Collection entries:
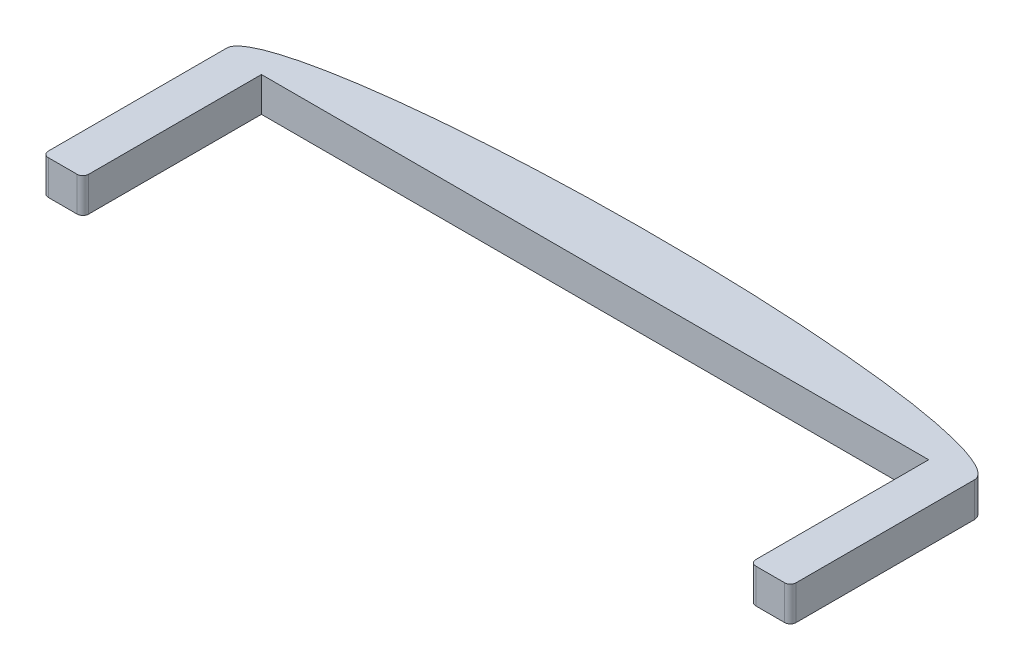
ISO-10303-21;
HEADER;
FILE_DESCRIPTION(('STEP AP214'),'2;1');
FILE_NAME('part.step','',(''),(''),'','','');
FILE_SCHEMA(('AUTOMOTIVE_DESIGN { 1 0 10303 214 1 1 1 1 }'));
ENDSEC;
DATA;
#1=APPLICATION_CONTEXT('core data for automotive mechanical design processes');
#2=APPLICATION_PROTOCOL_DEFINITION('international standard','automotive_design',2000,#1);
#3=PRODUCT_CONTEXT('',#1,'mechanical');
#4=PRODUCT('Part','Part','',(#3));
#5=PRODUCT_RELATED_PRODUCT_CATEGORY('part','',(#4));
#6=PRODUCT_DEFINITION_FORMATION('','',#4);
#7=PRODUCT_DEFINITION_CONTEXT('part definition',#1,'design');
#8=PRODUCT_DEFINITION('design','',#6,#7);
#9=PRODUCT_DEFINITION_SHAPE('','',#8);
#10=(LENGTH_UNIT() NAMED_UNIT(*) SI_UNIT(.MILLI.,.METRE.));
#11=(NAMED_UNIT(*) PLANE_ANGLE_UNIT() SI_UNIT($,.RADIAN.));
#12=(NAMED_UNIT(*) SI_UNIT($,.STERADIAN.) SOLID_ANGLE_UNIT());
#13=UNCERTAINTY_MEASURE_WITH_UNIT(LENGTH_MEASURE(1.E-05),#10,'distance_accuracy_value','');
#14=(GEOMETRIC_REPRESENTATION_CONTEXT(3) GLOBAL_UNCERTAINTY_ASSIGNED_CONTEXT((#13)) GLOBAL_UNIT_ASSIGNED_CONTEXT((#10,
#11,#12)) REPRESENTATION_CONTEXT('',''));
#15=CARTESIAN_POINT('',(0.,0.,0.));
#16=DIRECTION('',(0.,0.,1.));
#17=DIRECTION('',(1.,0.,0.));
#18=AXIS2_PLACEMENT_3D('',#15,#16,#17);
#19=CARTESIAN_POINT('',(0.,3.,0.));
#20=DIRECTION('',(0.,0.,-1.));
#21=DIRECTION('',(-1.,0.,0.));
#22=AXIS2_PLACEMENT_3D('',#19,#20,#21);
#23=PLANE('',#22);
#24=DIRECTION('',(1.,0.,0.));
#25=VECTOR('',#24,1.);
#26=CARTESIAN_POINT('',(0.,3.,0.));
#27=LINE('',#26,#25);
#28=CARTESIAN_POINT('',(29.5,3.,0.));
#29=VERTEX_POINT('',#28);
#30=CARTESIAN_POINT('',(32.,3.,0.));
#31=VERTEX_POINT('',#30);
#32=EDGE_CURVE('E235',#29,#31,#27,.T.);
#33=ORIENTED_EDGE('',*,*,#32,.F.);
#34=DIRECTION('',(0.,-1.,0.));
#35=VECTOR('',#34,1.);
#36=CARTESIAN_POINT('',(29.5,3.,0.));
#37=LINE('',#36,#35);
#38=CARTESIAN_POINT('',(29.5,0.,0.));
#39=VERTEX_POINT('',#38);
#40=EDGE_CURVE('E42',#29,#39,#37,.T.);
#41=ORIENTED_EDGE('',*,*,#40,.T.);
#42=DIRECTION('',(1.,0.,0.));
#43=VECTOR('',#42,1.);
#44=CARTESIAN_POINT('',(0.,0.,0.));
#45=LINE('',#44,#43);
#46=CARTESIAN_POINT('',(32.,0.,0.));
#47=VERTEX_POINT('',#46);
#48=EDGE_CURVE('E221',#39,#47,#45,.T.);
#49=ORIENTED_EDGE('',*,*,#48,.T.);
#50=DIRECTION('',(0.,-1.,0.));
#51=VECTOR('',#50,1.);
#52=CARTESIAN_POINT('',(32.,3.,0.));
#53=LINE('',#52,#51);
#54=EDGE_CURVE('E254',#47,#31,#53,.F.);
#55=ORIENTED_EDGE('',*,*,#54,.T.);
#56=EDGE_LOOP('',(#33,#41,#49,#55));
#57=FACE_BOUND('',#56,.T.);
#58=ADVANCED_FACE('F34',(#57),#23,.F.);
#59=CARTESIAN_POINT('',(0.,3.,-16.));
#60=DIRECTION('',(0.,1.,0.));
#61=DIRECTION('',(-1.,0.,0.));
#62=AXIS2_PLACEMENT_3D('',#59,#60,#61);
#63=ELLIPSE('',#62,32.5,4.5);
#64=DIRECTION('',(0.,-1.,0.));
#65=VECTOR('',#64,1.);
#66=SURFACE_OF_LINEAR_EXTRUSION('',#63,#65);
#67=CARTESIAN_POINT('',(0.,0.,-16.));
#68=DIRECTION('',(0.,1.,0.));
#69=DIRECTION('',(-1.,0.,0.));
#70=AXIS2_PLACEMENT_3D('',#67,#68,#69);
#71=ELLIPSE('',#70,32.5,4.5);
#72=CARTESIAN_POINT('',(32.5,0.,-16.));
#73=VERTEX_POINT('',#72);
#74=CARTESIAN_POINT('',(-32.5,0.,-16.));
#75=VERTEX_POINT('',#74);
#76=EDGE_CURVE('E164',#73,#75,#71,.T.);
#77=ORIENTED_EDGE('',*,*,#76,.T.);
#78=DIRECTION('',(0.,-1.,0.));
#79=VECTOR('',#78,1.);
#80=CARTESIAN_POINT('',(-32.5,3.,-16.));
#81=LINE('',#80,#79);
#82=CARTESIAN_POINT('',(-32.5,3.,-16.));
#83=VERTEX_POINT('',#82);
#84=EDGE_CURVE('E244',#83,#75,#81,.T.);
#85=ORIENTED_EDGE('',*,*,#84,.F.);
#86=CARTESIAN_POINT('',(32.5,3.,-16.));
#87=VERTEX_POINT('',#86);
#88=EDGE_CURVE('E165',#87,#83,#63,.T.);
#89=ORIENTED_EDGE('',*,*,#88,.F.);
#90=DIRECTION('',(0.,-1.,0.));
#91=VECTOR('',#90,1.);
#92=CARTESIAN_POINT('',(32.5,3.,-16.));
#93=LINE('',#92,#91);
#94=EDGE_CURVE('E159',#87,#73,#93,.T.);
#95=ORIENTED_EDGE('',*,*,#94,.T.);
#96=EDGE_LOOP('',(#77,#85,#89,#95));
#97=FACE_BOUND('',#96,.T.);
#98=ADVANCED_FACE('F172',(#97),#66,.F.);
#99=CARTESIAN_POINT('',(-32.5,3.,0.));
#100=DIRECTION('',(1.,0.,0.));
#101=DIRECTION('',(0.,0.,-1.));
#102=AXIS2_PLACEMENT_3D('',#99,#100,#101);
#103=PLANE('',#102);
#104=DIRECTION('',(0.,0.,1.));
#105=VECTOR('',#104,1.);
#106=CARTESIAN_POINT('',(-32.5,0.,0.));
#107=LINE('',#106,#105);
#108=CARTESIAN_POINT('',(-32.5,0.,-0.499999999999996));
#109=VERTEX_POINT('',#108);
#110=EDGE_CURVE('E239',#75,#109,#107,.T.);
#111=ORIENTED_EDGE('',*,*,#110,.T.);
#112=DIRECTION('',(0.,-1.,0.));
#113=VECTOR('',#112,1.);
#114=CARTESIAN_POINT('',(-32.5,3.,-0.499999999999996));
#115=LINE('',#114,#113);
#116=CARTESIAN_POINT('',(-32.5,3.,-0.499999999999996));
#117=VERTEX_POINT('',#116);
#118=EDGE_CURVE('E261',#109,#117,#115,.F.);
#119=ORIENTED_EDGE('',*,*,#118,.T.);
#120=DIRECTION('',(0.,0.,1.));
#121=VECTOR('',#120,1.);
#122=CARTESIAN_POINT('',(-32.5,3.,0.));
#123=LINE('',#122,#121);
#124=EDGE_CURVE('E168',#83,#117,#123,.T.);
#125=ORIENTED_EDGE('',*,*,#124,.F.);
#126=ORIENTED_EDGE('',*,*,#84,.T.);
#127=EDGE_LOOP('',(#111,#119,#125,#126));
#128=FACE_BOUND('',#127,.T.);
#129=ADVANCED_FACE('F176',(#128),#103,.F.);
#130=CARTESIAN_POINT('',(-32.,0.,0.));
#131=VERTEX_POINT('',#130);
#132=CARTESIAN_POINT('',(-29.5,0.,0.));
#133=VERTEX_POINT('',#132);
#134=EDGE_CURVE('E169',#131,#133,#45,.T.);
#135=ORIENTED_EDGE('',*,*,#134,.T.);
#136=DIRECTION('',(0.,-1.,0.));
#137=VECTOR('',#136,1.);
#138=CARTESIAN_POINT('',(-29.5,3.,0.));
#139=LINE('',#138,#137);
#140=CARTESIAN_POINT('',(-29.5,3.,0.));
#141=VERTEX_POINT('',#140);
#142=EDGE_CURVE('E217',#133,#141,#139,.F.);
#143=ORIENTED_EDGE('',*,*,#142,.T.);
#144=CARTESIAN_POINT('',(-32.,3.,0.));
#145=VERTEX_POINT('',#144);
#146=EDGE_CURVE('E248',#145,#141,#27,.T.);
#147=ORIENTED_EDGE('',*,*,#146,.F.);
#148=DIRECTION('',(0.,-1.,0.));
#149=VECTOR('',#148,1.);
#150=CARTESIAN_POINT('',(-32.,3.,0.));
#151=LINE('',#150,#149);
#152=EDGE_CURVE('E219',#145,#131,#151,.T.);
#153=ORIENTED_EDGE('',*,*,#152,.T.);
#154=EDGE_LOOP('',(#135,#143,#147,#153));
#155=FACE_BOUND('',#154,.T.);
#156=ADVANCED_FACE('F199',(#155),#23,.F.);
#157=CARTESIAN_POINT('',(0.,3.,-16.));
#158=DIRECTION('',(0.,1.,0.));
#159=DIRECTION('',(0.,0.,1.));
#160=AXIS2_PLACEMENT_3D('',#157,#158,#159);
#161=PLANE('',#160);
#162=ORIENTED_EDGE('',*,*,#146,.T.);
#163=CARTESIAN_POINT('',(-29.5,3.,-0.499999999999996));
#164=DIRECTION('',(0.,1.,0.));
#165=DIRECTION('',(0.,0.,1.));
#166=AXIS2_PLACEMENT_3D('',#163,#164,#165);
#167=CIRCLE('',#166,0.5);
#168=CARTESIAN_POINT('',(-29.,3.,-0.499999999999996));
#169=VERTEX_POINT('',#168);
#170=EDGE_CURVE('E129',#141,#169,#167,.T.);
#171=ORIENTED_EDGE('',*,*,#170,.T.);
#172=DIRECTION('',(0.,0.,-1.));
#173=VECTOR('',#172,1.);
#174=CARTESIAN_POINT('',(-29.,3.,-1.82150000000006));
#175=LINE('',#174,#173);
#176=CARTESIAN_POINT('',(-29.,3.,-15.5215000000001));
#177=VERTEX_POINT('',#176);
#178=EDGE_CURVE('E122',#169,#177,#175,.T.);
#179=ORIENTED_EDGE('',*,*,#178,.T.);
#180=DIRECTION('',(1.,0.,0.));
#181=VECTOR('',#180,1.);
#182=CARTESIAN_POINT('',(29.,3.,-15.5215000000001));
#183=LINE('',#182,#181);
#184=CARTESIAN_POINT('',(29.,3.,-15.5215000000001));
#185=VERTEX_POINT('',#184);
#186=EDGE_CURVE('E127',#177,#185,#183,.T.);
#187=ORIENTED_EDGE('',*,*,#186,.T.);
#188=DIRECTION('',(0.,0.,1.));
#189=VECTOR('',#188,1.);
#190=CARTESIAN_POINT('',(29.,3.,-1.82150000000006));
#191=LINE('',#190,#189);
#192=CARTESIAN_POINT('',(29.,3.,-0.500000000000004));
#193=VERTEX_POINT('',#192);
#194=EDGE_CURVE('E133',#185,#193,#191,.T.);
#195=ORIENTED_EDGE('',*,*,#194,.T.);
#196=CARTESIAN_POINT('',(29.5,3.,-0.500000000000004));
#197=DIRECTION('',(0.,1.,0.));
#198=DIRECTION('',(0.,0.,1.));
#199=AXIS2_PLACEMENT_3D('',#196,#197,#198);
#200=CIRCLE('',#199,0.5);
#201=EDGE_CURVE('E49',#193,#29,#200,.T.);
#202=ORIENTED_EDGE('',*,*,#201,.T.);
#203=ORIENTED_EDGE('',*,*,#32,.T.);
#204=CARTESIAN_POINT('',(32.,3.,-0.500000000000004));
#205=DIRECTION('',(0.,1.,0.));
#206=DIRECTION('',(0.,0.,1.));
#207=AXIS2_PLACEMENT_3D('',#204,#205,#206);
#208=CIRCLE('',#207,0.5);
#209=CARTESIAN_POINT('',(32.5,3.,-0.500000000000004));
#210=VERTEX_POINT('',#209);
#211=EDGE_CURVE('E258',#31,#210,#208,.T.);
#212=ORIENTED_EDGE('',*,*,#211,.T.);
#213=DIRECTION('',(0.,0.,1.));
#214=VECTOR('',#213,1.);
#215=CARTESIAN_POINT('',(32.5,3.,0.));
#216=LINE('',#215,#214);
#217=EDGE_CURVE('E156',#87,#210,#216,.T.);
#218=ORIENTED_EDGE('',*,*,#217,.F.);
#219=ORIENTED_EDGE('',*,*,#88,.T.);
#220=ORIENTED_EDGE('',*,*,#124,.T.);
#221=CARTESIAN_POINT('',(-32.,3.,-0.499999999999996));
#222=DIRECTION('',(0.,1.,0.));
#223=DIRECTION('',(0.,0.,1.));
#224=AXIS2_PLACEMENT_3D('',#221,#222,#223);
#225=CIRCLE('',#224,0.5);
#226=EDGE_CURVE('E256',#117,#145,#225,.T.);
#227=ORIENTED_EDGE('',*,*,#226,.T.);
#228=EDGE_LOOP('',(#162,#171,#179,#187,#195,#202,#203,#212,#218,#219,#220,#227));
#229=FACE_BOUND('',#228,.T.);
#230=ADVANCED_FACE('F125',(#229),#161,.T.);
#231=CARTESIAN_POINT('',(0.,0.,-16.));
#232=DIRECTION('',(0.,1.,0.));
#233=DIRECTION('',(0.,0.,1.));
#234=AXIS2_PLACEMENT_3D('',#231,#232,#233);
#235=PLANE('',#234);
#236=DIRECTION('',(0.,0.,-1.));
#237=VECTOR('',#236,1.);
#238=CARTESIAN_POINT('',(-29.,0.,-1.82150000000006));
#239=LINE('',#238,#237);
#240=CARTESIAN_POINT('',(-29.,0.,-0.499999999999997));
#241=VERTEX_POINT('',#240);
#242=CARTESIAN_POINT('',(-29.,0.,-15.5215000000001));
#243=VERTEX_POINT('',#242);
#244=EDGE_CURVE('E139',#241,#243,#239,.T.);
#245=ORIENTED_EDGE('',*,*,#244,.F.);
#246=CARTESIAN_POINT('',(-29.5,0.,-0.499999999999996));
#247=DIRECTION('',(0.,1.,0.));
#248=DIRECTION('',(0.,0.,1.));
#249=AXIS2_PLACEMENT_3D('',#246,#247,#248);
#250=CIRCLE('',#249,0.5);
#251=EDGE_CURVE('E223',#241,#133,#250,.F.);
#252=ORIENTED_EDGE('',*,*,#251,.T.);
#253=ORIENTED_EDGE('',*,*,#134,.F.);
#254=CARTESIAN_POINT('',(-32.,0.,-0.499999999999996));
#255=DIRECTION('',(0.,1.,0.));
#256=DIRECTION('',(0.,0.,1.));
#257=AXIS2_PLACEMENT_3D('',#254,#255,#256);
#258=CIRCLE('',#257,0.5);
#259=EDGE_CURVE('E251',#131,#109,#258,.F.);
#260=ORIENTED_EDGE('',*,*,#259,.T.);
#261=ORIENTED_EDGE('',*,*,#110,.F.);
#262=ORIENTED_EDGE('',*,*,#76,.F.);
#263=DIRECTION('',(0.,0.,1.));
#264=VECTOR('',#263,1.);
#265=CARTESIAN_POINT('',(32.5,0.,0.));
#266=LINE('',#265,#264);
#267=CARTESIAN_POINT('',(32.5,0.,-0.500000000000004));
#268=VERTEX_POINT('',#267);
#269=EDGE_CURVE('E154',#73,#268,#266,.T.);
#270=ORIENTED_EDGE('',*,*,#269,.T.);
#271=CARTESIAN_POINT('',(32.,0.,-0.500000000000004));
#272=DIRECTION('',(0.,1.,0.));
#273=DIRECTION('',(0.,0.,1.));
#274=AXIS2_PLACEMENT_3D('',#271,#272,#273);
#275=CIRCLE('',#274,0.5);
#276=EDGE_CURVE('E237',#268,#47,#275,.F.);
#277=ORIENTED_EDGE('',*,*,#276,.T.);
#278=ORIENTED_EDGE('',*,*,#48,.F.);
#279=CARTESIAN_POINT('',(29.5,0.,-0.500000000000004));
#280=DIRECTION('',(0.,1.,0.));
#281=DIRECTION('',(0.,0.,1.));
#282=AXIS2_PLACEMENT_3D('',#279,#280,#281);
#283=CIRCLE('',#282,0.5);
#284=CARTESIAN_POINT('',(29.,0.,-0.500000000000004));
#285=VERTEX_POINT('',#284);
#286=EDGE_CURVE('E226',#39,#285,#283,.F.);
#287=ORIENTED_EDGE('',*,*,#286,.T.);
#288=DIRECTION('',(0.,0.,1.));
#289=VECTOR('',#288,1.);
#290=CARTESIAN_POINT('',(29.,0.,-1.82150000000006));
#291=LINE('',#290,#289);
#292=CARTESIAN_POINT('',(29.,0.,-15.5215000000001));
#293=VERTEX_POINT('',#292);
#294=EDGE_CURVE('E149',#293,#285,#291,.T.);
#295=ORIENTED_EDGE('',*,*,#294,.F.);
#296=DIRECTION('',(1.,0.,0.));
#297=VECTOR('',#296,1.);
#298=CARTESIAN_POINT('',(29.,0.,-15.5215000000001));
#299=LINE('',#298,#297);
#300=EDGE_CURVE('E152',#243,#293,#299,.T.);
#301=ORIENTED_EDGE('',*,*,#300,.F.);
#302=EDGE_LOOP('',(#245,#252,#253,#260,#261,#262,#270,#277,#278,#287,#295,#301));
#303=FACE_BOUND('',#302,.T.);
#304=ADVANCED_FACE('F209',(#303),#235,.F.);
#305=CARTESIAN_POINT('',(32.5,3.,0.));
#306=DIRECTION('',(1.,0.,0.));
#307=DIRECTION('',(0.,0.,-1.));
#308=AXIS2_PLACEMENT_3D('',#305,#306,#307);
#309=PLANE('',#308);
#310=ORIENTED_EDGE('',*,*,#217,.T.);
#311=DIRECTION('',(0.,-1.,0.));
#312=VECTOR('',#311,1.);
#313=CARTESIAN_POINT('',(32.5,0.,-0.500000000000004));
#314=LINE('',#313,#312);
#315=EDGE_CURVE('E247',#210,#268,#314,.T.);
#316=ORIENTED_EDGE('',*,*,#315,.T.);
#317=ORIENTED_EDGE('',*,*,#269,.F.);
#318=ORIENTED_EDGE('',*,*,#94,.F.);
#319=EDGE_LOOP('',(#310,#316,#317,#318));
#320=FACE_BOUND('',#319,.T.);
#321=ADVANCED_FACE('F183',(#320),#309,.T.);
#322=CARTESIAN_POINT('',(32.,3.,-0.500000000000004));
#323=DIRECTION('',(0.,1.,0.));
#324=DIRECTION('',(0.,0.,1.));
#325=AXIS2_PLACEMENT_3D('',#322,#323,#324);
#326=CYLINDRICAL_SURFACE('',#325,0.5);
#327=ORIENTED_EDGE('',*,*,#211,.F.);
#328=ORIENTED_EDGE('',*,*,#54,.F.);
#329=ORIENTED_EDGE('',*,*,#276,.F.);
#330=ORIENTED_EDGE('',*,*,#315,.F.);
#331=EDGE_LOOP('',(#327,#328,#329,#330));
#332=FACE_BOUND('',#331,.T.);
#333=ADVANCED_FACE('F179',(#332),#326,.T.);
#334=CARTESIAN_POINT('',(-32.,3.,-0.499999999999996));
#335=DIRECTION('',(0.,-1.,0.));
#336=DIRECTION('',(0.,0.,-1.));
#337=AXIS2_PLACEMENT_3D('',#334,#335,#336);
#338=CYLINDRICAL_SURFACE('',#337,0.5);
#339=ORIENTED_EDGE('',*,*,#226,.F.);
#340=ORIENTED_EDGE('',*,*,#118,.F.);
#341=ORIENTED_EDGE('',*,*,#259,.F.);
#342=ORIENTED_EDGE('',*,*,#152,.F.);
#343=EDGE_LOOP('',(#339,#340,#341,#342));
#344=FACE_BOUND('',#343,.T.);
#345=ADVANCED_FACE('F182',(#344),#338,.T.);
#346=CARTESIAN_POINT('',(29.,3.,-15.5215000000001));
#347=DIRECTION('',(0.,0.,-1.));
#348=DIRECTION('',(-1.,0.,0.));
#349=AXIS2_PLACEMENT_3D('',#346,#347,#348);
#350=PLANE('',#349);
#351=ORIENTED_EDGE('',*,*,#300,.T.);
#352=DIRECTION('',(0.,-1.,0.));
#353=VECTOR('',#352,1.);
#354=CARTESIAN_POINT('',(29.,3.,-15.5215000000001));
#355=LINE('',#354,#353);
#356=EDGE_CURVE('E142',#185,#293,#355,.T.);
#357=ORIENTED_EDGE('',*,*,#356,.F.);
#358=ORIENTED_EDGE('',*,*,#186,.F.);
#359=DIRECTION('',(0.,-1.,0.));
#360=VECTOR('',#359,1.);
#361=CARTESIAN_POINT('',(-29.,3.,-15.5215000000001));
#362=LINE('',#361,#360);
#363=EDGE_CURVE('E136',#177,#243,#362,.T.);
#364=ORIENTED_EDGE('',*,*,#363,.T.);
#365=EDGE_LOOP('',(#351,#357,#358,#364));
#366=FACE_BOUND('',#365,.T.);
#367=ADVANCED_FACE('F144',(#366),#350,.F.);
#368=CARTESIAN_POINT('',(-29.,3.,-1.82150000000006));
#369=DIRECTION('',(-1.,0.,0.));
#370=DIRECTION('',(0.,0.,1.));
#371=AXIS2_PLACEMENT_3D('',#368,#369,#370);
#372=PLANE('',#371);
#373=ORIENTED_EDGE('',*,*,#178,.F.);
#374=DIRECTION('',(0.,-1.,0.));
#375=VECTOR('',#374,1.);
#376=CARTESIAN_POINT('',(-29.,3.,-0.499999999999996));
#377=LINE('',#376,#375);
#378=EDGE_CURVE('E263',#169,#241,#377,.T.);
#379=ORIENTED_EDGE('',*,*,#378,.T.);
#380=ORIENTED_EDGE('',*,*,#244,.T.);
#381=ORIENTED_EDGE('',*,*,#363,.F.);
#382=EDGE_LOOP('',(#373,#379,#380,#381));
#383=FACE_BOUND('',#382,.T.);
#384=ADVANCED_FACE('F137',(#383),#372,.F.);
#385=CARTESIAN_POINT('',(29.,3.,-1.82150000000006));
#386=DIRECTION('',(1.,0.,0.));
#387=DIRECTION('',(0.,0.,-1.));
#388=AXIS2_PLACEMENT_3D('',#385,#386,#387);
#389=PLANE('',#388);
#390=ORIENTED_EDGE('',*,*,#294,.T.);
#391=DIRECTION('',(0.,-1.,0.));
#392=VECTOR('',#391,1.);
#393=CARTESIAN_POINT('',(29.,3.,-0.500000000000004));
#394=LINE('',#393,#392);
#395=EDGE_CURVE('E11',#285,#193,#394,.F.);
#396=ORIENTED_EDGE('',*,*,#395,.T.);
#397=ORIENTED_EDGE('',*,*,#194,.F.);
#398=ORIENTED_EDGE('',*,*,#356,.T.);
#399=EDGE_LOOP('',(#390,#396,#397,#398));
#400=FACE_BOUND('',#399,.T.);
#401=ADVANCED_FACE('F189',(#400),#389,.F.);
#402=CARTESIAN_POINT('',(-29.5,3.,-0.499999999999996));
#403=DIRECTION('',(0.,-1.,0.));
#404=DIRECTION('',(0.,0.,-1.));
#405=AXIS2_PLACEMENT_3D('',#402,#403,#404);
#406=CYLINDRICAL_SURFACE('',#405,0.5);
#407=ORIENTED_EDGE('',*,*,#170,.F.);
#408=ORIENTED_EDGE('',*,*,#142,.F.);
#409=ORIENTED_EDGE('',*,*,#251,.F.);
#410=ORIENTED_EDGE('',*,*,#378,.F.);
#411=EDGE_LOOP('',(#407,#408,#409,#410));
#412=FACE_BOUND('',#411,.T.);
#413=ADVANCED_FACE('F187',(#412),#406,.T.);
#414=CARTESIAN_POINT('',(29.5,3.,-0.500000000000004));
#415=DIRECTION('',(0.,-1.,0.));
#416=DIRECTION('',(0.,0.,-1.));
#417=AXIS2_PLACEMENT_3D('',#414,#415,#416);
#418=CYLINDRICAL_SURFACE('',#417,0.5);
#419=ORIENTED_EDGE('',*,*,#201,.F.);
#420=ORIENTED_EDGE('',*,*,#395,.F.);
#421=ORIENTED_EDGE('',*,*,#286,.F.);
#422=ORIENTED_EDGE('',*,*,#40,.F.);
#423=EDGE_LOOP('',(#419,#420,#421,#422));
#424=FACE_BOUND('',#423,.T.);
#425=ADVANCED_FACE('F36',(#424),#418,.T.);
#426=CLOSED_SHELL('',(#58,#98,#129,#156,#230,#304,#321,#333,#345,#367,#384,#401,#413,#425));
#427=MANIFOLD_SOLID_BREP('B2',#426);
#428=ADVANCED_BREP_SHAPE_REPRESENTATION('',(#18,#427),#14);
#429=SHAPE_DEFINITION_REPRESENTATION(#9,#428);
ENDSEC;
END-ISO-10303-21;

TASK ITEM: Write out the records above exactly. Begin with the first line, end with the line holding "#6=PRODUCT_DEFINITION_FORMATION('','',#4);", and drop the pictures.

RESPONSE:
ISO-10303-21;
HEADER;
FILE_DESCRIPTION(('STEP AP214'),'2;1');
FILE_NAME('part.step','',(''),(''),'','','');
FILE_SCHEMA(('AUTOMOTIVE_DESIGN { 1 0 10303 214 1 1 1 1 }'));
ENDSEC;
DATA;
#1=APPLICATION_CONTEXT('core data for automotive mechanical design processes');
#2=APPLICATION_PROTOCOL_DEFINITION('international standard','automotive_design',2000,#1);
#3=PRODUCT_CONTEXT('',#1,'mechanical');
#4=PRODUCT('Part','Part','',(#3));
#5=PRODUCT_RELATED_PRODUCT_CATEGORY('part','',(#4));
#6=PRODUCT_DEFINITION_FORMATION('','',#4);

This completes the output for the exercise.